Citation:  2021 ASABE Annual International Virtual Meeting  2101077.(doi:10.13031/aim.202101077)
Authors:   Temitayo Abayomi Ewemoje, Prof., Habeeb Adedotun Alabi, Engr., David Adewale Ajekiigbe, Mayowa Emmanuel Salawu, Samuel Adeyemi Bamidele, Busayo Samuel Ayeni
Keywords:   Amaranthus hybridus yield, Irrigation scheduling, Light intensity, Tropical environment

Abstract. Light intensity and water availability affect physiological processes and growth of plants while irrigation scheduling ensures adequate water supply all year round.
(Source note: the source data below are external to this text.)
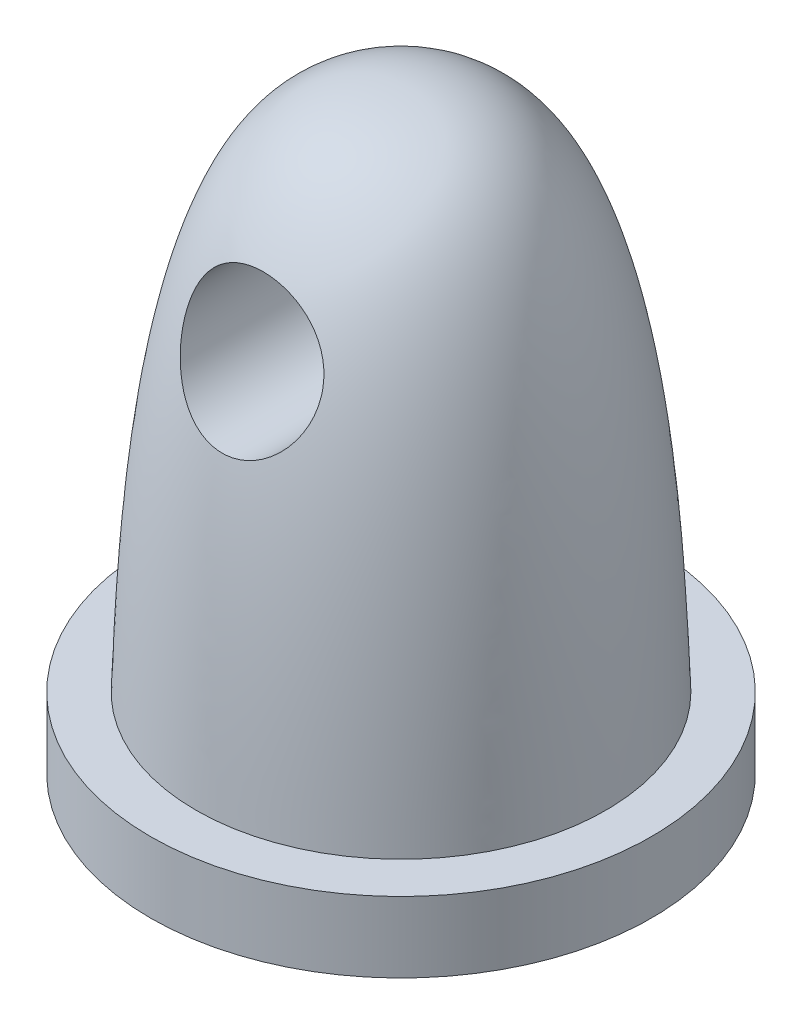
SolidWorks part; units mm, degrees
ref_plane "Front Plane" through (0, 0, 0) normal (0, 0, 1) x (1, 0, 0)
ref_plane "Top Plane" through (0, 0, 0) normal (0, 1, 0) x (1, 0, 0)
ref_plane "Right Plane" through (0, 0, 0) normal (1, 0, 0) x (0, 0, -1)
sketch "Sketch1" plane through (0, 0, 0) normal (0, 1, 0) x (1, 0, 0)
  circle A0 centre (0, 0) radius 5.5
  dimension "D1" = 11
extrude "Boss-Extrude1" add sketch "Sketch1" along normal blind 1.55
sketch "Sketch2" plane through (0, 1.55, 0) normal (0, 1, 0) x (1, 0, 0)
  circle A0 centre (0, 0) radius 4.5
  dimension "D1" = 9
extrude "Boss-Extrude2" add sketch "Sketch2" along normal blind 11.5
ref_axis "Axis1" through (0, 13.7025, 0) along (0, -1, 0)
sketch "Sketch3" plane through (0, 0, 0) normal (0, 0, 1) x (1, 0, 0)
  line L0 (0, 13.05) -> (0, 0) construction
  line L1 (0, 13.05) -> (0, 13.3793)
  line L3 (0, 13.7025) -> (0, -0.6525) construction
  line L4 (0, 13.3793) -> (-5.0638, 13.3793)
  line L5 (-5.0638, 13.3793) -> (-5.0638, 1.55)
  line L6 (5.5, 1.55) -> (-5.5, 1.55) construction
  line L7 (-5.0638, 1.55) -> (-4.5, 1.55)
  spline S0 degree 3 poles (-4.5, 1.55) (-4.4182, 3.5336) (-4.2581, 10.3205) (-1.7214, 13.0436) (0, 13.05) knots 0 0 0 0 0.654562 1 1 1 1
revolve "Cut-Revolve7" cut sketch "Sketch3" angle 360 about axis through (0, 13.7025, 0) along (0, -1, 0)
sketch "Sketch4" plane through (0, 0, 0) normal (0, 0, 1) x (1, 0, 0)
  line L0 (0, 13.7025) -> (0, -0.6525) construction
  circle A0 centre (0, 9.55) radius 1.5
  dimension "D1" = 3
  dimension "D2" = 3.5
extrude "Cut-Extrude1" cut sketch "Sketch4" against normal mid plane 10
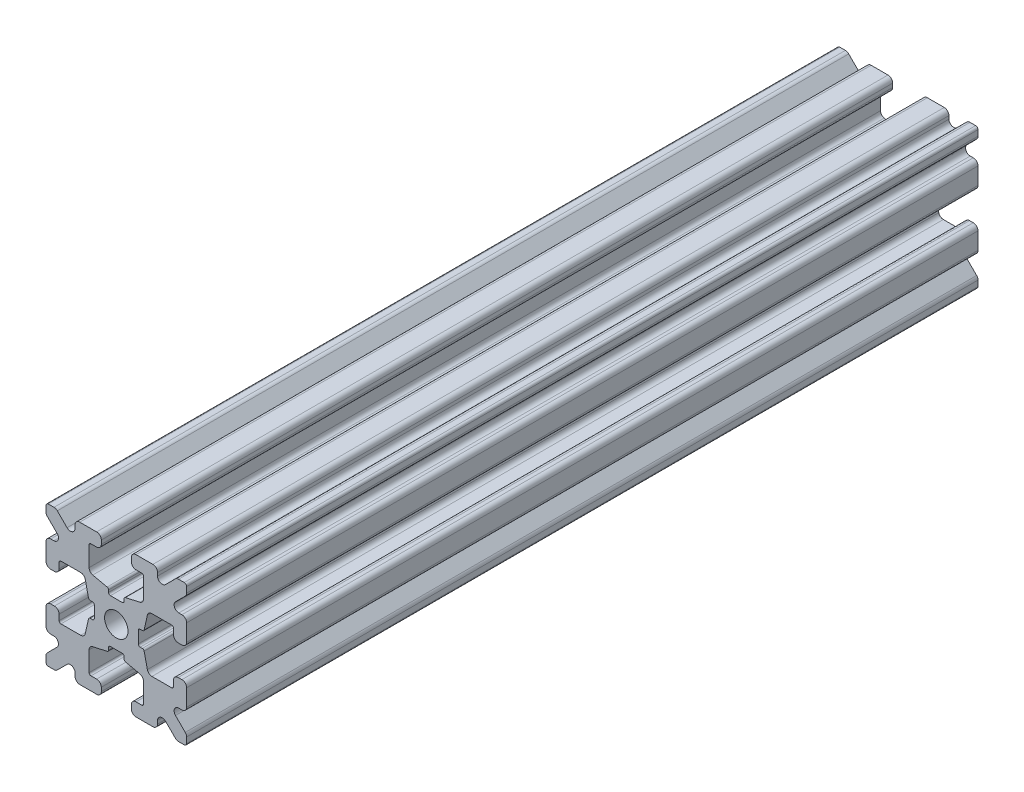
SolidWorks part; units mm, degrees
ref_plane "Front Plane" through (0, 0, 0) normal (0, 0, 1) x (1, 0, 0)
ref_plane "Top Plane" through (0, 0, 0) normal (0, 1, 0) x (1, 0, 0)
ref_plane "Right Plane" through (0, 0, 0) normal (1, 0, 0) x (0, 0, -1)
sketch "Sketch1" plane through (0, 0, 0) normal (0, 0, 1) x (1, 0, 0)
  line L1 (-7.5, -7.5) -> (7.5, -7.5)
  line L2 (-7.5, -7.5) -> (-7.5, 7.5)
  line L3 (-7.5, 7.5) -> (7.5, 7.5)
  line L4 (7.5, -7.5) -> (7.5, 7.5)
  line L5 (-7.5, -7.5) -> (7.5, 7.5) construction
  line L6 (-7.5, 7.5) -> (7.5, -7.5) construction
  circle A0 centre (0, 0) radius 1.25
  point P0 (0, 0)
  dimension "D2" = 2.5
  dimension "D1" = 15
extrude "Boss-Extrude1" add sketch "Sketch1" along normal mid plane 84.428
fillet "Fillet1" radius 0.25 4 edges at (7.5, -7.5, 0) (-7.5, -7.5, 0) (7.5, 7.5, 0) (-7.5, 7.5, 0)
sketch "Sketch2" plane through (0, 0, 42.214) normal (0, 0, 1) x (1, 0, 0)
  line L0 (-7.5, 7.25) -> (-7.5, -7.25) construction
  line L1 (-7.5, 1.6) -> (-6.1, 1.6)
  line L2 (-7.5, 1.6) -> (-7.5, -1.6)
  line L3 (-7.5, -1.6) -> (-6.1, -1.6)
  line L4 (-6.1, 1.6) -> (-6.1, 2.9)
  line L5 (0, 0) -> (-12.1036, 0) construction
  line L6 (-6.1, -2.9) -> (-3.4, -2.9)
  line L7 (0, 0) -> (-7.25, 7.25) construction
  line L8 (-6.1, 2.9) -> (-3.4, 2.9)
  line L9 (-3.4, -2.9) -> (-3.4, 2.9)
  line L10 (55, 0) -> (-55, 0) construction
  line L11 (-6.1, -2.9) -> (-6.1, -1.6)
  line L12 (2.9, 6.1) -> (1.6, 6.1)
  line L13 (2.9, 3.4) -> (-2.9, 3.4)
  line L14 (-2.9, 6.1) -> (-2.9, 3.4)
  line L15 (2.9, 6.1) -> (2.9, 3.4)
  line L16 (-1.6, 6.1) -> (-2.9, 6.1)
  line L17 (1.6, 7.5) -> (1.6, 6.1)
  line L18 (-1.6, 7.5) -> (1.6, 7.5)
  line L19 (-1.6, 7.5) -> (-1.6, 6.1)
  line L20 (-1.6, -7.5) -> (-1.6, -6.1)
  line L21 (-1.6, -7.5) -> (1.6, -7.5)
  line L22 (1.6, -7.5) -> (1.6, -6.1)
  line L23 (-1.6, -6.1) -> (-2.9, -6.1)
  line L24 (2.9, -6.1) -> (2.9, -3.4)
  line L25 (-2.9, -6.1) -> (-2.9, -3.4)
  line L26 (2.9, -3.4) -> (-2.9, -3.4)
  line L27 (2.9, -6.1) -> (1.6, -6.1)
  line L28 (6.1, -2.9) -> (6.1, -1.6)
  line L29 (3.4, -2.9) -> (3.4, 2.9)
  line L30 (6.1, 2.9) -> (3.4, 2.9)
  line L31 (6.1, -2.9) -> (3.4, -2.9)
  line L32 (6.1, 1.6) -> (6.1, 2.9)
  line L33 (7.5, -1.6) -> (6.1, -1.6)
  line L34 (7.5, 1.6) -> (7.5, -1.6)
  line L35 (7.5, 1.6) -> (6.1, 1.6)
  dimension "D1" = 3.2
  dimension "D2" = 5.8
  dimension "D3" = 1.4
  dimension "D4" = 2.7
extrude "Cut-Extrude1" cut sketch "Sketch2" against normal through all
sketch "Sketch4" plane through (0, 0, 42.214) normal (0, 0, 1) x (1, 0, 0)
  line L0 (-3.4, 2.9) -> (-2.75, 0)
  line L1 (55, 0) -> (-55, 0) construction
  line L2 (-2.75, 0) -> (-3.4, -2.9)
  line L3 (-3.4, -2.9) -> (-3.4, 2.9) construction
  line L4 (-3.4, 2.9) -> (-3.4, -2.9)
  line L5 (-2.9, 3.4) -> (0, 2.75)
  line L6 (0, 2.75) -> (2.9, 3.4)
  line L7 (2.9, 3.4) -> (-2.9, 3.4)
  line L8 (3.4, 2.9) -> (2.75, 0)
  line L9 (2.75, 0) -> (3.4, -2.9)
  line L10 (3.4, -2.9) -> (3.4, 2.9)
  line L11 (-2.9, -3.4) -> (0, -2.75)
  line L12 (0, -2.75) -> (2.9, -3.4)
  line L13 (2.9, -3.4) -> (-2.9, -3.4)
  circle A2 centre (0, 0) radius 2.75
  circle A3 centre (0, 0) radius 2.75 construction
  dimension "D1" = 1.5
extrude "Cut-Extrude3" cut sketch "Sketch4" against normal through all
fillet "Fillet3" radius 0.5 16 edges at (-6.1, -1.6, 0) (-7.5, -1.6, 0) (-6.1, 1.6, 0) (-7.5, 1.6, 0) (-1.6, -7.5, 0) (-1.6, -6.1, 0) (1.6, -7.5, 0) (1.6, -6.1, 0) (6.1, -1.6, 0) (7.5, -1.6, 0) (7.5, 1.6, 0) (6.1, 1.6, 0) (1.6, 7.5, 0) (1.6, 6.1, 0) (-1.6, 7.5, 0) (-1.6, 6.1, 0)
fillet "Fillet4" radius 0.5 8 edges at (-3.4, 2.9, 0) (-3.4, -2.9, 0) (2.9, -3.4, 0) (-2.9, -3.4, 0) (3.4, -2.9, 0) (3.4, 2.9, 0) (-2.9, 3.4, 0) (2.9, 3.4, 0)
fillet "Fillet5" radius 3 4 edges at (0, -2.75, 0) (2.75, 0, 0) (-2.75, 0, 0) (0, 2.75, 0)
fillet "Fillet6" radius 0.2 8 edges at (-2.9, -6.1, 0) (2.9, -6.1, 0) (6.1, -2.9, 0) (6.1, 2.9, 0) (2.9, 6.1, 0) (-2.9, 6.1, 0) (-6.1, -2.9, 0) (-6.1, 2.9, 0)
sketch "Sketch5" plane through (0, 0, 42.214) normal (0, 0, 1) x (1, 0, 0)
  line L0 (0, 0) -> (-7.25, 7.25) construction
  line L1 (-7.5, 6.4393) -> (-5.4607, 4.4)
  line L2 (-6.4393, 7.5) -> (-4.4, 5.4607)
  line L3 (-7.5, 4.4) -> (-5.4607, 4.4)
  line L4 (-3.8003, 2.9) -> (-5.9, 2.9) construction
  line L5 (0, 0) -> (-12.1819, 0) construction
  line L6 (-4.4, 7.5) -> (-4.4, 5.4607)
  line L7 (-2.9, 5.9) -> (-2.9, 3.8003) construction
  line L8 (-7.5, 6.4393) -> (-7.5, 4.4)
  line L9 (-7.5, 7.25) -> (-7.5, 2.1) construction
  line L10 (2.1, -7.5) -> (7.25, -7.5) construction
  line L11 (7.5, -7.25) -> (7.5, -2.1) construction
  line L12 (7.25, 7.5) -> (2.1, 7.5) construction
  line L13 (-2.1, 7.5) -> (-7.25, 7.5) construction
  line L14 (-4.4, 7.5) -> (-6.4393, 7.5)
  line L16 (55, 0) -> (-55, 0) construction
  line L17 (0, 0) -> (0, 10.993) construction
  line L18 (0, -54.6431) -> (0, 54.6431) construction
  line L20 (4.4, 7.5) -> (6.4393, 7.5)
  line L22 (7.5, 6.4393) -> (7.5, 4.4)
  line L23 (4.4, 7.5) -> (4.4, 5.4607)
  line L24 (7.5, 4.4) -> (5.4607, 4.4)
  line L25 (6.4393, 7.5) -> (4.4, 5.4607)
  line L26 (7.5, 6.4393) -> (5.4607, 4.4)
  line L27 (7.5, -6.4393) -> (5.4607, -4.4)
  line L28 (6.4393, -7.5) -> (4.4, -5.4607)
  line L29 (7.5, -4.4) -> (5.4607, -4.4)
  line L30 (4.4, -7.5) -> (4.4, -5.4607)
  line L31 (7.5, -6.4393) -> (7.5, -4.4)
  line L33 (4.4, -7.5) -> (6.4393, -7.5)
  line L36 (-4.4, -7.5) -> (-6.4393, -7.5)
  line L38 (-7.5, -6.4393) -> (-7.5, -4.4)
  line L39 (-4.4, -7.5) -> (-4.4, -5.4607)
  line L40 (-7.5, -4.4) -> (-5.4607, -4.4)
  line L41 (-6.4393, -7.5) -> (-4.4, -5.4607)
  line L42 (-7.5, -6.4393) -> (-5.4607, -4.4)
  dimension "D1" = 1.5
  dimension "D2" = 1.5
  dimension "D3" = 1.5
extrude "Cut-Extrude4" cut sketch "Sketch5" against normal through all
fillet "Fillet8" radius 0.5 24 edges at (-5.4607, 4.4, 0) (-7.5, 4.4, 0) (-5.4607, -4.4, 0) (-7.5, -4.4, 0) (-4.4, -7.5, 0) (-4.4, -5.4607, 0) (4.4, -7.5, 0) (4.4, -5.4607, 0) (5.4607, -4.4, 0) (7.5, -4.4, 0) (7.5, 4.4, 0) (5.4607, 4.4, 0) (4.4, 5.4607, 0) (4.4, 7.5, 0) (-4.4, 5.4607, 0) (-4.4, 7.5, 0) (-6.4393, 7.5, 0) (-7.5, 6.4393, 0) (6.4393, 7.5, 0) (7.5, 6.4393, 0) (6.4393, -7.5, 0) (7.5, -6.4393, 0) (-6.4393, -7.5, 0) (-7.5, -6.4393, 0)
sketch "Sketch6" plane through (0, 0, 42.214) normal (0, 0, 1) x (1, 0, 0)
  line L0 (0, 0) -> (0, 11.013) construction
  line L1 (0.6561, 2.8971) -> (2.1235, 2.8971) construction
  line L2 (0, -54.6431) -> (0, 54.6431) construction
  line L3 (0, 0) -> (7.25, 7.25) construction
  line L4 (7.5, 0.8255) -> (7.5, -0.8255)
  line L5 (2.3471, 0.8255) -> (7.5, 0.8255)
  line L6 (0, 0) -> (12.4016, 0) construction
  line L7 (0.8255, -7.5) -> (-0.8255, -7.5)
  line L8 (2.3471, -0.8255) -> (2.3471, 0.8255)
  line L9 (0.8255, -2.3471) -> (0.8255, -7.5)
  line L10 (7.5, -0.8255) -> (2.3471, -0.8255)
  line L11 (-7.5, -0.8255) -> (-2.3471, -0.8255)
  line L12 (-2.3471, -0.8255) -> (-2.3471, 0.8255)
  line L13 (-0.8255, -2.3471) -> (0.8255, -2.3471)
  line L14 (-0.8255, 7.5) -> (-0.8255, 2.3471)
  line L15 (-0.8255, 2.3471) -> (0.8255, 2.3471)
  line L16 (-0.8255, -7.5) -> (-0.8255, -2.3471)
  line L17 (0.8255, 2.3471) -> (0.8255, 7.5)
  line L18 (0.8255, 7.5) -> (-0.8255, 7.5)
  line L19 (3.9, 7.5) -> (2.1, 7.5) construction
  line L20 (-2.3471, 0.8255) -> (-7.5, 0.8255)
  line L21 (-7.5, 0.8255) -> (-7.5, -0.8255)
  point P5 (0, -2.5973)
  point P7 (0, 2.5973)
  dimension "D3" = 0.55
  dimension "D1" = 1.651
extrude "Cut-Extrude5" cut sketch "Sketch6" against normal through all
fillet "Fillet10" radius 0.2 16 edges at (-2.935, 0.8255, 0) (-2.935, -0.8255, 0) (2.935, -0.8255, 0) (2.935, 0.8255, 0) (0.8255, 2.935, 0) (-0.8255, 2.935, 0) (-2.3471, 0.8255, 0) (-2.3471, -0.8255, 0) (0.8255, 2.3471, 0) (-0.8255, 2.3471, 0) (2.3471, 0.8255, 0) (2.3471, -0.8255, 0) (0.8255, -2.935, 0) (0.8255, -2.3471, 0) (-0.8255, -2.3471, 0) (-0.8255, -2.935, 0)

Several works has been on water management for the crop but there is dearth of information on light intensity reduction effects. Hence, the study was therefore designed to determine effects of light reduction and irrigation scheduling (25%, 50%, 75%, and 100% FC) on growth and yield of amaranthus hybridus. Randomised Complete Block Design (RCBD) was used. Irrigation treatments (25%, 50%, 75%, and 100% FC) were applied on shaded and non-shaded fields and replicated thrice. Growth data (plant height, stem girth, and number of leaves) were measured weekly and biomass yield determined at 6 Weeks After Planting for two dry seasons. The 20% light intensity reduction from 1,242 Lux to 248 Lux affected growth parameters, bulk weight and yield significantly. Growth parameters (plant height, stem girth, and number of leaves) taken together showed significant differences (P<0.05) among the 100%, 75%, 50%, and 25% water applications in both shaded and unshaded fields. There was significant difference (P<0.05) between biomass yield of 100% FC and 75% FC; 75% FC and 50% FC of the shaded field. Also, there was significant difference between the biomass yield of the 100% FC and 75% FC; 75% FC and 50% FC of the open field. The 100% FC gives maximum yield per unit area per water applied, and is therefore the best of all irrigation schedules for both shaded and open field.